### Record set:
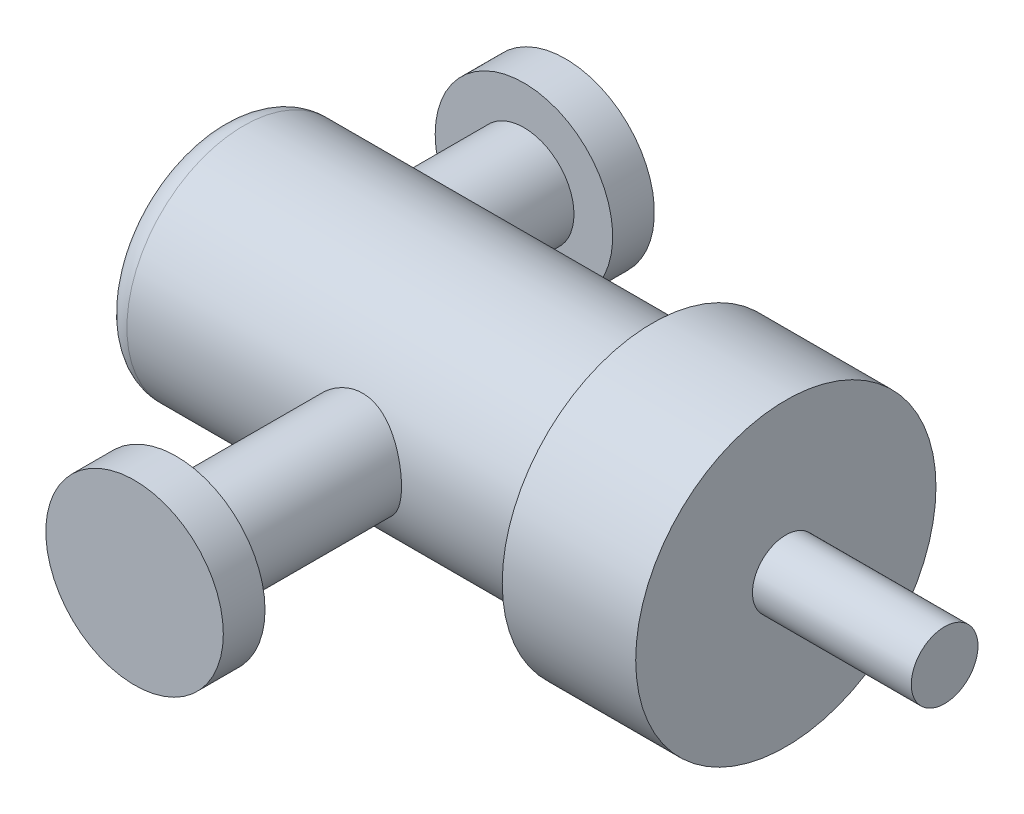
SolidWorks part; units mm, degrees
ref_plane "Front" through (0, 0, 0) normal (0, 0, 1) x (1, 0, 0)
ref_plane "Top" through (0, 0, 0) normal (0, 1, 0) x (1, 0, 0)
ref_plane "Right" through (0, 0, 0) normal (1, 0, 0) x (0, 0, -1)
sketch "Sketch1" plane through (0, 0, 0) normal (1, 0, 0) x (0, 0, -1)
  circle A0 centre (0, 0) radius 22.225
  dimension "D1" = 44.45
extrude "Extrude1" add sketch "Sketch1" along normal blind 82.55
sketch "Sketch2" plane through (0, 0, 0) normal (0, 0, 1) x (1, 0, 0)
  circle A0 centre (47.498, 0) radius 9.525
  dimension "D1" = 19.05
  dimension "D2" = 47.498
extrude "Extrude2" add sketch "Sketch2" along normal blind 63.5
sketch "Sketch3" plane through (0, 0, 0) normal (0, 0, 1) x (1, 0, 0)
  circle A0 centre (19.05, 0) radius 9.525
  dimension "D2" = 19.05
  dimension "D1" = 28.448
extrude "Extrude3" add sketch "Sketch3" against normal blind 46.99
sketch "Sketch4" plane through (0, 0, -46.99) normal (0, 0, -1) x (-1, 0, 0)
  circle A0 centre (-19.05, 0) radius 16.891
  dimension "D1" = 33.782
extrude "Extrude4" add sketch "Sketch4" against normal blind 7.9375
sketch "Sketch5" plane through (0, 0, 63.5) normal (0, 0, 1) x (1, 0, 0)
  circle A0 centre (47.498, 0) radius 16.891
  dimension "D1" = 33.782
extrude "Extrude5" add sketch "Sketch5" against normal blind 7.9375
sketch "Sketch6" plane through (82.55, 0, 0) normal (1, 0, 0) x (0, 0, -1)
  circle A0 centre (0, 0) radius 28.575
  dimension "D1" = 57.15
extrude "Extrude6" add sketch "Sketch6" along normal blind 25.4
sketch "Sketch7" plane through (107.95, 0, 0) normal (1, 0, 0) x (0, 0, -1)
  circle A0 centre (0, 0) radius 6.35
  dimension "D1" = 12.7
extrude "Extrude7" add sketch "Sketch7" along normal blind 30.226
sketch "Sketch8" plane through (0, 0, 63.5) normal (0, 0, 1) x (1, 0, 0)
  point P0 (47.498, 0)
ref_axis "Valve axis" through (138.176, 0, 0) along (-1, 0, 0)
fillet "Fillet1" radius 4.7625 1 edges at (0, 0, -22.225)

### What to produce:
Once the pictures are set aside, write out each record exactly.

### Problem solution:
SolidWorks part; units mm, degrees
ref_plane "Front" through (0, 0, 0) normal (0, 0, 1) x (1, 0, 0)
ref_plane "Top" through (0, 0, 0) normal (0, 1, 0) x (1, 0, 0)
ref_plane "Right" through (0, 0, 0) normal (1, 0, 0) x (0, 0, -1)
sketch "Sketch1" plane through (0, 0, 0) normal (1, 0, 0) x (0, 0, -1)
  circle A0 centre (0, 0) radius 22.225
  dimension "D1" = 44.45
extrude "Extrude1" add sketch "Sketch1" along normal blind 82.55
sketch "Sketch2" plane through (0, 0, 0) normal (0, 0, 1) x (1, 0, 0)
  circle A0 centre (47.498, 0) radius 9.525
  dimension "D1" = 19.05
  dimension "D2" = 47.498
extrude "Extrude2" add sketch "Sketch2" along normal blind 63.5
sketch "Sketch3" plane through (0, 0, 0) normal (0, 0, 1) x (1, 0, 0)
  circle A0 centre (19.05, 0) radius 9.525
  dimension "D2" = 19.05
  dimension "D1" = 28.448
extrude "Extrude3" add sketch "Sketch3" against normal blind 46.99
sketch "Sketch4" plane through (0, 0, -46.99) normal (0, 0, -1) x (-1, 0, 0)
  circle A0 centre (-19.05, 0) radius 16.891
  dimension "D1" = 33.782
extrude "Extrude4" add sketch "Sketch4" against normal blind 7.9375
sketch "Sketch5" plane through (0, 0, 63.5) normal (0, 0, 1) x (1, 0, 0)
  circle A0 centre (47.498, 0) radius 16.891
  dimension "D1" = 33.782
extrude "Extrude5" add sketch "Sketch5" against normal blind 7.9375
sketch "Sketch6" plane through (82.55, 0, 0) normal (1, 0, 0) x (0, 0, -1)
  circle A0 centre (0, 0) radius 28.575
  dimension "D1" = 57.15
extrude "Extrude6" add sketch "Sketch6" along normal blind 25.4
sketch "Sketch7" plane through (107.95, 0, 0) normal (1, 0, 0) x (0, 0, -1)
  circle A0 centre (0, 0) radius 6.35
  dimension "D1" = 12.7
extrude "Extrude7" add sketch "Sketch7" along normal blind 30.226
sketch "Sketch8" plane through (0, 0, 63.5) normal (0, 0, 1) x (1, 0, 0)
  point P0 (47.498, 0)
ref_axis "Valve axis" through (138.176, 0, 0) along (-1, 0, 0)
fillet "Fillet1" radius 4.7625 1 edges at (0, 0, -22.225)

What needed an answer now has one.